I'm looking forward to hearing from you.
Best Regards
Hi,
I am not sure what is the cause of the error, but you can solve it two ways:
1) if you really need the cmdscale function, and the missing values are the problem (it seems), you can try to remove them e.g. using the "drop_NA()" function. I made a short video on it here: ua-cam.com/video/w6m7OAMZAzk/v-deo.html
2) If your goal is the PCA itself, there are other ways to achieve it. There is a simpler version, directly from PLINK that does not use cmdscale at all (so I hope the problem will not apply here). A video, including the scipt, on this here: ua-cam.com/video/vos6VeuNcaM/v-deo.html
Thanks a lot, Professor. Please, add some more topics and further analysis using plink.
Yes, more types of analyses will come with time.
@@GenomicsBootCamp, Because of this, I'm always following your channel. Your tutorial brings me close to where I am supposed to be, in terms of knowledge in genomic analysis. I am sorry for asking this question here instead of on the changing file format clip. But please could you shed some light on why you interchangeably use make-bed and recode to make bed and map files.
@@georgewanjala4605 Thanks for the question! There is no specific reason behind it, most of the time.
The advantage of ped+map files is that you can open them with text editor. It is easy to explain that 1 line in the ped file is one animal. So if my goal is to show you the contents on screen, I use the --recode. The ped+map files take a bit more space though.
In general the binary ped files bed+bim+fam are the most ideal solution, as they take the least space, and the runtime of analyses is quicker than with other PLINK file types.
So you can use any of the two, the results do not change.
Hi,
Thank you for these helpful videos
I have a question:
How to add the PCAs to my final data to use them in my analysis. I want to use them as covariates in my analysis.
Thank you
Hi,
The coordinates that are plotted to the graph are saved in the mds_populations R data set, in the "points" part. You can get them as mds_populations$points, with each of the eigenvectors in columns and each of the individuals in a line, but without ID numbers. A follow-up merging is needed, which might lead to problems.
I suggest you do the PCA with PLINK instead - see the "Simple PCA analysis with PLINK" video on this channel. There you get the ".eigenvec" files, which have the values and the IDs for each individual. Less work and the possibility of a merging mistake are eliminated (as it is already done).
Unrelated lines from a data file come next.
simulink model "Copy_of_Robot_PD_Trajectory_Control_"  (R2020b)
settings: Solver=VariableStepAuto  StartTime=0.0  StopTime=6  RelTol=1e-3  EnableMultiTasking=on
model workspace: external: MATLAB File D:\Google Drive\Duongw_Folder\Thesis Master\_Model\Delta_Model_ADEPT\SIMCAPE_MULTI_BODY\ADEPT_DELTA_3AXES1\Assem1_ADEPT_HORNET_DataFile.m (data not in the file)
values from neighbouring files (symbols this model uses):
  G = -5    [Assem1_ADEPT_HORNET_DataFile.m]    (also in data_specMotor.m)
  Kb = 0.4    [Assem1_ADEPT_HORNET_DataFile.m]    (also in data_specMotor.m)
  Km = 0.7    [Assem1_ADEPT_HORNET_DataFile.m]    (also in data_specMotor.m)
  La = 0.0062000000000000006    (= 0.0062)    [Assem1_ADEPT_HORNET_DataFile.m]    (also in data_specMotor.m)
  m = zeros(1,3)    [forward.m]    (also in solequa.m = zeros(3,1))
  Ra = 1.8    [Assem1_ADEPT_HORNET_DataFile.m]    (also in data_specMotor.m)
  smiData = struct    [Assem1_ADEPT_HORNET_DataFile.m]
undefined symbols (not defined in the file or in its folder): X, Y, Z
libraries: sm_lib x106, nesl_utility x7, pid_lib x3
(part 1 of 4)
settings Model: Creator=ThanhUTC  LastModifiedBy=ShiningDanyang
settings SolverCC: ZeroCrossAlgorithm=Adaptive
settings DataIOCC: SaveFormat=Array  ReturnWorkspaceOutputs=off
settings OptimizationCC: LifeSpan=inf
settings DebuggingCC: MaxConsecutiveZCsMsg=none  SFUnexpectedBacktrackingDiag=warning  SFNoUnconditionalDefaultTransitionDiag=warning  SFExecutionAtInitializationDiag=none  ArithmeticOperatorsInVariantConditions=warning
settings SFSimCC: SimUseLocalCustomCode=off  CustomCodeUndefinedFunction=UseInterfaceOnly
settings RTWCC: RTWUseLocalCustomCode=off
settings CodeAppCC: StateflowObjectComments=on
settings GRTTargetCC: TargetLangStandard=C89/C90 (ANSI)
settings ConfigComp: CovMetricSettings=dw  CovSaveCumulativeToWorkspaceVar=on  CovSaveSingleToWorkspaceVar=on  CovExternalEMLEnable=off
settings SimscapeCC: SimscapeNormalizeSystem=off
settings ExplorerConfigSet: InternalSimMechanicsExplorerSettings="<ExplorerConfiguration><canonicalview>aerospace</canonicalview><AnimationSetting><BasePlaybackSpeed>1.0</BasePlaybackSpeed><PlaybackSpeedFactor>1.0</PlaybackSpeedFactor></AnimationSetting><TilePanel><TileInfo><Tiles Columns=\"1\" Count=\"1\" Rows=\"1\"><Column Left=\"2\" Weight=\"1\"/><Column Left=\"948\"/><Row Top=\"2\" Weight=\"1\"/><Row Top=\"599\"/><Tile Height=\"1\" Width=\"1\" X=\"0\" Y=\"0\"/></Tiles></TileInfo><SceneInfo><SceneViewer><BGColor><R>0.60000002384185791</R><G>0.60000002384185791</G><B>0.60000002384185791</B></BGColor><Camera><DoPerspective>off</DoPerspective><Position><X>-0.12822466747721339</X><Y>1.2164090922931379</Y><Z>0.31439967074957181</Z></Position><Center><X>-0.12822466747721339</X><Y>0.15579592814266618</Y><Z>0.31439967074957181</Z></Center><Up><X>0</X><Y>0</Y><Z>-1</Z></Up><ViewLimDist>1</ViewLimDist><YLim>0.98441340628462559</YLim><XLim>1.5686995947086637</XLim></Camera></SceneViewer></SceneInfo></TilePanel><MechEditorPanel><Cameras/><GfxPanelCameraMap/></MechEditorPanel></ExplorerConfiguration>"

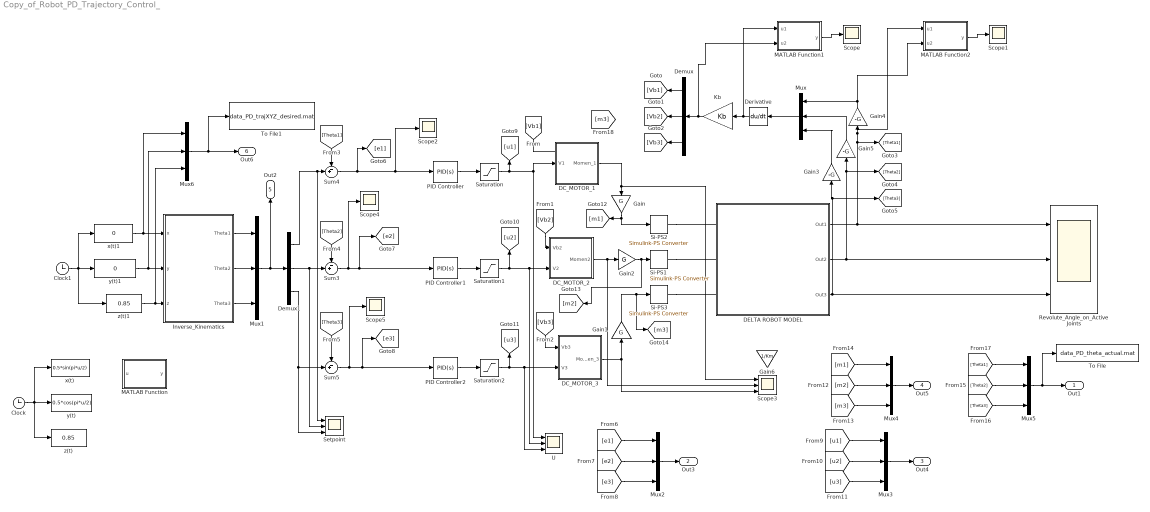
== system Copy_of_Robot_PD_Trajectory_Control_ ==
  Clock : Clock
  Clock1 : Clock
  DC_MOTOR_1 : Subsystem
  DC_MOTOR_2 : Subsystem
  DC_MOTOR_3 : Subsystem
  DELTA ROBOT MODEL : Subsystem
  Demux : Demux  Outputs=3
  Demux1 : Demux  Outputs=3
  Derivative : Derivative
  Gain : Gain  Gain=G
  Gain1 : Gain  Gain=G
  Gain2 : Gain  Gain=G
  Gain3 : Gain  Gain=-G
  Gain4 : Gain  Gain=-G
  Gain5 : Gain  Gain=-G
  Gain6 : Gain  Gain=1/Km
  Inverse_Kinematics : Subsystem
  Kb : Gain  Gain=Kb
  MATLAB Function : MATLAB Function  TreatAsAtomicUnit=on
  MATLAB Function1 : MATLAB Function  TreatAsAtomicUnit=on
  MATLAB Function2 : MATLAB Function  TreatAsAtomicUnit=on
  Mux{,1..6} (7 alike) : Mux  Inputs=3
  PID Controller : pid_lib/PID Controller  Controller=PID  Form=Parallel  TimeDomain=Continuous-time  UseExternalTs=off  SampleTime=-1  IntegratorMethod=Forward Euler  FilterMethod=Forward Euler  ControllerParametersSource=internal  P=300  I=15  D=0  UseFilter=on  N=100  TunerSelectOption=Transfer Function Based (PID Tuner App)  InitialConditionSource=internal  InitialConditionForIntegrator=0  InitialConditionForFilter=0  DifferentiatorICPrevScaledInput=0  ExternalReset=none  TrackingMode=off  Kt=1  LimitOutput=off  SatLimitsSource=internal  UpperSaturationLimit=inf  LowerSaturationLimit=-inf  LinearizeAsGain=on  AntiWindupMode=none  Kb=1  POutMin=[]  POutMax=[]  IOutMin=[]  IOutMax=[]  DOutMin=[]  DOutMax=[]  NOutMin=[]  NOutMax=[]  SumOutMin=[]  SumOutMax=[]  SaturationOutMin=[]  SaturationOutMax=[]  PParamMin=[]  PParamMax=[]  IParamMin=[]  IParamMax=[]  DParamMin=[]  DParamMax=[]  NParamMin=[]  NParamMax=[]  KbParamMin=[]  KbParamMax=[]  KtParamMin=[]  KtParamMax=[]  KbOutMin=[]  KbOutMax=[]  KtOutMin=[]  KtOutMax=[]  IntegratorOutMin=[]  IntegratorOutMax=[]  FilterOutMin=[]  FilterOutMax=[]  SumI1OutMin=[]  SumI1OutMax=[]  SumI2OutMin=[]  SumI2OutMax=[]  SumI3OutMin=[]  SumI3OutMax=[]  SumI4OutMin=[]  SumI4OutMax=[]  SumDOutMin=[]  SumDOutMax=[]  DifferentiatorOutMin=[]  DifferentiatorOutMax=[]  FilterDiffOutCoefMin=[]  FilterDiffOutCoefMax=[]  ReciprocalOutMin=[]  ReciprocalOutMax=[]  SumDenOutMin=[]  SumDenOutMax=[]  SumNumOutMin=[]  SumNumOutMax=[]  DivideOutMin=[]  DivideOutMax=[]  UdiffTsProdOutMin=[]  UdiffTsProdOutMax=[]  NTsProdOutMin=[]  NTsProdOutMax=[]  UintegralTsProdOutMin=[]  UintegralTsProdOutMax=[]  UngainTsProdOutMin=[]  UngainTsProdOutMax=[]  IntegratorContinuousStateAttributes=''  IntegratorStateMustResolveToSignalObject=off  IntegratorRTWStateStorageClass=Auto  FilterContinuousStateAttributes=''  FilterStateMustResolveToSignalObject=off  FilterRTWStateStorageClass=Auto  ParallelPVariant=InternalParameters  IdealPVariant=Disabled  IVariant=InternalParameters  DVariant=InternalParameters  IntegratorVariant=Continuous  SatVariant=Disabled  AWVariant=Passthrough  PCopyVariant=Disabled  TRVariant=Disabled  FdbkBlocksVariant=Forward  IdealPFdbkVariant=Disabled  SatFdbkVariant=Disabled  DerivativeFilterVariant=ContFilter  NVariant=InternalParameters  NCopyVariant=Disabled  FilterICVariant=InternalICsFilter  IntegratorICVariant=InternalICs  ExternalResetVariant=Disabled  TRSumVariant=Passthrough  SumFdbkVariant=Disabled  SumVariant=Sum_PID  TsampFilterVariant=InternalTs  TsampNgainVariant=Passthrough  TsampIntegralVariant=Passthrough  ExternalSaturationOutDataTypeStr=Inherit: Same as second input
  PID Controller1 : pid_lib/PID Controller  Controller=PID  Form=Parallel  TimeDomain=Continuous-time  UseExternalTs=off  SampleTime=-1  IntegratorMethod=Forward Euler  FilterMethod=Forward Euler  ControllerParametersSource=internal  P=300  I=15  D=0  UseFilter=on  N=100  TunerSelectOption=Transfer Function Based (PID Tuner App)  InitialConditionSource=internal  InitialConditionForIntegrator=0  InitialConditionForFilter=0  DifferentiatorICPrevScaledInput=0  ExternalReset=none  TrackingMode=off  Kt=1  LimitOutput=off  SatLimitsSource=internal  UpperSaturationLimit=inf  LowerSaturationLimit=-inf  LinearizeAsGain=on  AntiWindupMode=none  Kb=1  POutMin=[]  POutMax=[]  IOutMin=[]  IOutMax=[]  DOutMin=[]  DOutMax=[]  NOutMin=[]  NOutMax=[]  SumOutMin=[]  SumOutMax=[]  SaturationOutMin=[]  SaturationOutMax=[]  PParamMin=[]  PParamMax=[]  IParamMin=[]  IParamMax=[]  DParamMin=[]  DParamMax=[]  NParamMin=[]  NParamMax=[]  KbParamMin=[]  KbParamMax=[]  KtParamMin=[]  KtParamMax=[]  KbOutMin=[]  KbOutMax=[]  KtOutMin=[]  KtOutMax=[]  IntegratorOutMin=[]  IntegratorOutMax=[]  FilterOutMin=[]  FilterOutMax=[]  SumI1OutMin=[]  SumI1OutMax=[]  SumI2OutMin=[]  SumI2OutMax=[]  SumI3OutMin=[]  SumI3OutMax=[]  SumI4OutMin=[]  SumI4OutMax=[]  SumDOutMin=[]  SumDOutMax=[]  DifferentiatorOutMin=[]  DifferentiatorOutMax=[]  FilterDiffOutCoefMin=[]  FilterDiffOutCoefMax=[]  ReciprocalOutMin=[]  ReciprocalOutMax=[]  SumDenOutMin=[]  SumDenOutMax=[]  SumNumOutMin=[]  SumNumOutMax=[]  DivideOutMin=[]  DivideOutMax=[]  UdiffTsProdOutMin=[]  UdiffTsProdOutMax=[]  NTsProdOutMin=[]  NTsProdOutMax=[]  UintegralTsProdOutMin=[]  UintegralTsProdOutMax=[]  UngainTsProdOutMin=[]  UngainTsProdOutMax=[]  IntegratorContinuousStateAttributes=''  IntegratorStateMustResolveToSignalObject=off  IntegratorRTWStateStorageClass=Auto  FilterContinuousStateAttributes=''  FilterStateMustResolveToSignalObject=off  FilterRTWStateStorageClass=Auto  ParallelPVariant=InternalParameters  IdealPVariant=Disabled  IVariant=InternalParameters  DVariant=InternalParameters  IntegratorVariant=Continuous  SatVariant=Disabled  AWVariant=Passthrough  PCopyVariant=Disabled  TRVariant=Disabled  FdbkBlocksVariant=Forward  IdealPFdbkVariant=Disabled  SatFdbkVariant=Disabled  DerivativeFilterVariant=ContFilter  NVariant=InternalParameters  NCopyVariant=Disabled  FilterICVariant=InternalICsFilter  IntegratorICVariant=InternalICs  ExternalResetVariant=Disabled  TRSumVariant=Passthrough  SumFdbkVariant=Disabled  SumVariant=Sum_PID  TsampFilterVariant=InternalTs  TsampNgainVariant=Passthrough  TsampIntegralVariant=Passthrough  ExternalSaturationOutDataTypeStr=Inherit: Same as second input
  PID Controller2 : pid_lib/PID Controller  Controller=PID  Form=Parallel  TimeDomain=Continuous-time  UseExternalTs=off  SampleTime=-1  IntegratorMethod=Forward Euler  FilterMethod=Forward Euler  ControllerParametersSource=internal  P=300  I=15  D=0  UseFilter=on  N=100  TunerSelectOption=Transfer Function Based (PID Tuner App)  InitialConditionSource=internal  InitialConditionForIntegrator=0  InitialConditionForFilter=0  DifferentiatorICPrevScaledInput=0  ExternalReset=none  TrackingMode=off  Kt=1  LimitOutput=off  SatLimitsSource=internal  UpperSaturationLimit=inf  LowerSaturationLimit=-inf  LinearizeAsGain=on  AntiWindupMode=none  Kb=1  POutMin=[]  POutMax=[]  IOutMin=[]  IOutMax=[]  DOutMin=[]  DOutMax=[]  NOutMin=[]  NOutMax=[]  SumOutMin=[]  SumOutMax=[]  SaturationOutMin=[]  SaturationOutMax=[]  PParamMin=[]  PParamMax=[]  IParamMin=[]  IParamMax=[]  DParamMin=[]  DParamMax=[]  NParamMin=[]  NParamMax=[]  KbParamMin=[]  KbParamMax=[]  KtParamMin=[]  KtParamMax=[]  KbOutMin=[]  KbOutMax=[]  KtOutMin=[]  KtOutMax=[]  IntegratorOutMin=[]  IntegratorOutMax=[]  FilterOutMin=[]  FilterOutMax=[]  SumI1OutMin=[]  SumI1OutMax=[]  SumI2OutMin=[]  SumI2OutMax=[]  SumI3OutMin=[]  SumI3OutMax=[]  SumI4OutMin=[]  SumI4OutMax=[]  SumDOutMin=[]  SumDOutMax=[]  DifferentiatorOutMin=[]  DifferentiatorOutMax=[]  FilterDiffOutCoefMin=[]  FilterDiffOutCoefMax=[]  ReciprocalOutMin=[]  ReciprocalOutMax=[]  SumDenOutMin=[]  SumDenOutMax=[]  SumNumOutMin=[]  SumNumOutMax=[]  DivideOutMin=[]  DivideOutMax=[]  UdiffTsProdOutMin=[]  UdiffTsProdOutMax=[]  NTsProdOutMin=[]  NTsProdOutMax=[]  UintegralTsProdOutMin=[]  UintegralTsProdOutMax=[]  UngainTsProdOutMin=[]  UngainTsProdOutMax=[]  IntegratorContinuousStateAttributes=''  IntegratorStateMustResolveToSignalObject=off  IntegratorRTWStateStorageClass=Auto  FilterContinuousStateAttributes=''  FilterStateMustResolveToSignalObject=off  FilterRTWStateStorageClass=Auto  ParallelPVariant=InternalParameters  IdealPVariant=Disabled  IVariant=InternalParameters  DVariant=InternalParameters  IntegratorVariant=Continuous  SatVariant=Disabled  AWVariant=Passthrough  PCopyVariant=Disabled  TRVariant=Disabled  FdbkBlocksVariant=Forward  IdealPFdbkVariant=Disabled  SatFdbkVariant=Disabled  DerivativeFilterVariant=ContFilter  NVariant=InternalParameters  NCopyVariant=Disabled  FilterICVariant=InternalICsFilter  IntegratorICVariant=InternalICs  ExternalResetVariant=Disabled  TRSumVariant=Passthrough  SumFdbkVariant=Disabled  SumVariant=Sum_PID  TsampFilterVariant=InternalTs  TsampNgainVariant=Passthrough  TsampIntegralVariant=Passthrough  ExternalSaturationOutDataTypeStr=Inherit: Same as second input
  Revolute_Angle_on_Active Joints : Scope  NumInputPorts=3
  Saturation : Saturate  UpperLimit=24  LowerLimit=-24
  Saturation1 : Saturate  UpperLimit=24  LowerLimit=-24
  Saturation2 : Saturate  UpperLimit=24  LowerLimit=-24
  Scope{,1..2,4..5} (5 alike) : Scope
  Scope3 : Scope  NumInputPorts=3
  Setpoint : Scope  NumInputPorts=3
  Si-PS1 : nesl_utility/Simulink-PS Converter  PhysicalDomain=network_engine_domain  SubClassName=ps_input  LeftPortType=input  RightPortType=output  PseudoPeriodic=off  Frequencies=[]  NoiseDistribution=none  NoiseParameters=[]  Unit=1  AffineConversion=off  FilteringAndDerivatives=filter  SimscapeFilterOrder=2  InputFilterTimeConstant=0.001  UdotUserProvided=1
  Si-PS2 : nesl_utility/Simulink-PS Converter  PhysicalDomain=network_engine_domain  SubClassName=ps_input  LeftPortType=input  RightPortType=output  PseudoPeriodic=off  Frequencies=[]  NoiseDistribution=none  NoiseParameters=[]  Unit=1  AffineConversion=off  FilteringAndDerivatives=filter  SimscapeFilterOrder=2  InputFilterTimeConstant=0.001  UdotUserProvided=1
  Si-PS3 : nesl_utility/Simulink-PS Converter  PhysicalDomain=network_engine_domain  SubClassName=ps_input  LeftPortType=input  RightPortType=output  PseudoPeriodic=off  Frequencies=[]  NoiseDistribution=none  NoiseParameters=[]  Unit=1  AffineConversion=off  FilteringAndDerivatives=filter  SimscapeFilterOrder=2  InputFilterTimeConstant=0.001  UdotUserProvided=1
  Sum3 : Sum  Inputs=-+|
  Sum4 : Sum  Inputs=-+|
  Sum5 : Sum  Inputs=-+|
  To File : ToFile  Filename=data_PD_theta_actual.mat  MatrixName=theta_actual
  To File1 : ToFile  Filename=data_PD_trajXYZ_desired.mat  MatrixName=xyz_d
  "U " : Scope  NumInputPorts=3
  x(t) : Fcn  Expr=0.5*sin(pi*u/2)
  x(t)1 : Fcn  Expr=0
  y(t) : Fcn  Expr=0.5*cos(pi*u/2)
  y(t)1 : Fcn  Expr=0
  z(t) : Fcn  Expr=0.85
  z(t)1 : Fcn  Expr=0.85
  Out1 : Outport  VectorParamsAs1DForOutWhenUnconnected=off
  Out3 : Outport  Port=2  VectorParamsAs1DForOutWhenUnconnected=off
  Out4 : Outport  Port=3  VectorParamsAs1DForOutWhenUnconnected=off
  Out5 : Outport  Port=4  VectorParamsAs1DForOutWhenUnconnected=off
  Out2 : Outport  Port=5  VectorParamsAs1DForOutWhenUnconnected=off
  Out6 : Outport  Port=6  VectorParamsAs1DForOutWhenUnconnected=off
  wires:
  DELTA ROBOT MODEL/2(Out2) -> Gain5/1, [Theta2], Revolute_Angle_on_Active Joints/2
  DELTA ROBOT MODEL/3(Out3) -> Gain3/1, [Theta3], Revolute_Angle_on_Active Joints/3
  Demux/1 -> [Vb1]
  Demux/2 -> [Vb2]
  Demux/3 -> [Vb3]
  [Theta1] -> Sum4/1
  Sum4/1 -> [e1], PID Controller/1, Scope2/1
  [Vb1] -> ?
  PID Controller/1 -> Saturation/1
  [Theta2] -> Sum3/1
  Sum3/1 -> Scope4/1, PID Controller1/1, [e2]
  PID Controller1/1 -> Saturation1/1
  [Theta3] -> Sum5/1
  Sum5/1 -> Scope5/1, PID Controller2/1, [e3]
  PID Controller2/1 -> Saturation2/1
  [Vb2] -> DC_MOTOR_2/1(Vb2)
  [Vb3] -> DC_MOTOR_3/1(Vb3)
  Gain/1 -> [m1], Si-PS2/1
  Gain1/1 -> [m3], Si-PS3/1
  Gain2/1 -> [m2], Si-PS1/1
  Saturation/1 -> [u1], DC_MOTOR_1/1(V1), "U "/1
  Saturation1/1 -> [u2], "U "/2, DC_MOTOR_2/2(V2)
  Saturation2/1 -> [u3], "U "/3, DC_MOTOR_3/2(V3)
  Gain3/1 -> Mux/3
  Gain5/1 -> Mux/2
  Mux/1 -> Derivative/1
  Demux1/1 -> Setpoint/1, Sum4/2
  Demux1/2 -> Setpoint/2, Sum3/2
  Demux1/3 -> Setpoint/3, Sum5/2
  [e1] -> Mux2/1
  [e2] -> Mux2/2
  [e3] -> Mux2/3
  [u1] -> Mux3/1
  [u2] -> Mux3/2
  [u3] -> Mux3/3
  Mux2/1 -> Out3/1
  Mux3/1 -> Out4/1
  [m1] -> Mux4/1
  [m2] -> Mux4/2
  [m3] -> Mux4/3
  Mux4/1 -> Out5/1
  [Theta1] -> Mux5/1
  [Theta2] -> Mux5/2
  [Theta3] -> Mux5/3
  x(t)1/1 -> Mux6/1, Inverse_Kinematics/1(x)
  y(t)1/1 -> Mux6/2, Inverse_Kinematics/2(y)
  Inverse_Kinematics/1(Theta1) -> Mux1/1
  Inverse_Kinematics/2(Theta2) -> Mux1/2
  Inverse_Kinematics/3(Theta3) -> Mux1/3
  Mux1/1 -> Demux1/1, Out2/1
  Mux5/1 -> To File/1, Out1/1
  Mux6/1 -> To File1/1, Out6/1
  z(t)1/1 -> Mux6/3, Inverse_Kinematics/3(z)
  Clock/1 -> z(t)/1, x(t)/1, y(t)/1
  Clock1/1 -> z(t)1/1, x(t)1/1, y(t)1/1
  DC_MOTOR_1/1(Momen_1) -> Scope3/1, Gain/1
  DC_MOTOR_2/1(Momen2) -> Scope3/2, Gain2/1
  DC_MOTOR_3/1(Momen_3) -> Scope3/3, Gain1/1
  Derivative/1 -> MATLAB Function1/1(u1), Kb/1
  MATLAB Function1/1(y) -> Scope/1
  Kb/1 -> MATLAB Function1/2(u2), Demux/1
  DELTA ROBOT MODEL/1(Out1) -> MATLAB Function2/1(u1), Gain4/1, [Theta1], Revolute_Angle_on_Active Joints/1
  Gain4/1 -> MATLAB Function2/2(u2), Mux/1
  MATLAB Function2/1(y) -> Scope1/1
  connections:
  Si-PS2/RConn1 -- DELTA ROBOT MODEL/LConn1
  Si-PS1/RConn1 -- DELTA ROBOT MODEL/LConn2
  Si-PS3/RConn1 -- DELTA ROBOT MODEL/LConn3

== system Copy_of_Robot_PD_Trajectory_Control_/DC_MOTOR_1 ==
  V1 : Inport
  Gain1 : Gain  Gain=Km
  Transfer Fcn : TransferFcn  Denominator=[La Ra]
  Momen_1 : Outport  VectorParamsAs1DForOutWhenUnconnected=off
  wires:
  V1/1 -> Transfer Fcn/1
  Transfer Fcn/1 -> Gain1/1
  Gain1/1 -> Momen_1/1

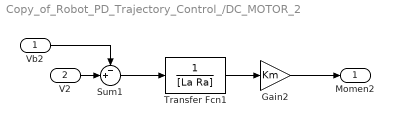
== system Copy_of_Robot_PD_Trajectory_Control_/DC_MOTOR_2 ==
  Vb2 : Inport
  V2 : Inport  Port=2
  Gain2 : Gain  Gain=Km
  Sum1 : Sum  Inputs=-+|
  Transfer Fcn1 : TransferFcn  Denominator=[La Ra]
  Momen2 : Outport  VectorParamsAs1DForOutWhenUnconnected=off
  wires:
  Vb2/1 -> Sum1/1
  Transfer Fcn1/1 -> Gain2/1
  Sum1/1 -> Transfer Fcn1/1
  Gain2/1 -> Momen2/1
  V2/1 -> Sum1/2

== system Copy_of_Robot_PD_Trajectory_Control_/DC_MOTOR_3 ==
  Vb3 : Inport
  V3 : Inport  Port=2
  Gain3 : Gain  Gain=Km
  Sum2 : Sum  Inputs=-+|
  Transfer Fcn2 : TransferFcn  Denominator=[La Ra]
  Momen_3 : Outport  VectorParamsAs1DForOutWhenUnconnected=off
  wires:
  Vb3/1 -> Sum2/1
  Transfer Fcn2/1 -> Gain3/1
  Sum2/1 -> Transfer Fcn2/1
  Gain3/1 -> Momen_3/1
  V3/1 -> Sum2/2

ua-cam.com/video/vos6VeuNcaM/v-deo.html
I am getting a single dot in the graph i dont know why kindly guid me.
Check the data what you try to visualize, if it is in the size and format you expect.
The PCA plot is nothing else just plotting the first and second principla component for each individual. So the file you visualize should have these. Also, the data should be of course different for each individual.
Do you use the data as in the example? In that case it should work as shown.
@@GenomicsBootCamp yes sir, it worked there was a minor mistake from my side, thankyou so much
Can you tell me what was the mistake? I am having the same issue.
hi, I'm having the same error where I only get a single dot. Could you share what fixed it?
I need pca code in spyder 3.8
Hi, I am not good in Python (yet), so I don't know what functions to use exactly. A quick solution for you might be to check out the new video on the channel "Simple PCA analysis with PLINK". Here the PCA itself is done by PLINK, and all you need to do is do an X-Y plot of columns 3 and 4 from the .eigenvec file
Hard to understand these PCA plots
Thank you for your feedback!
Could you elaborte? Are the PCA plots hard to understand, or the one in this video specifically? What aspect is not undertandeable and would require more explanation?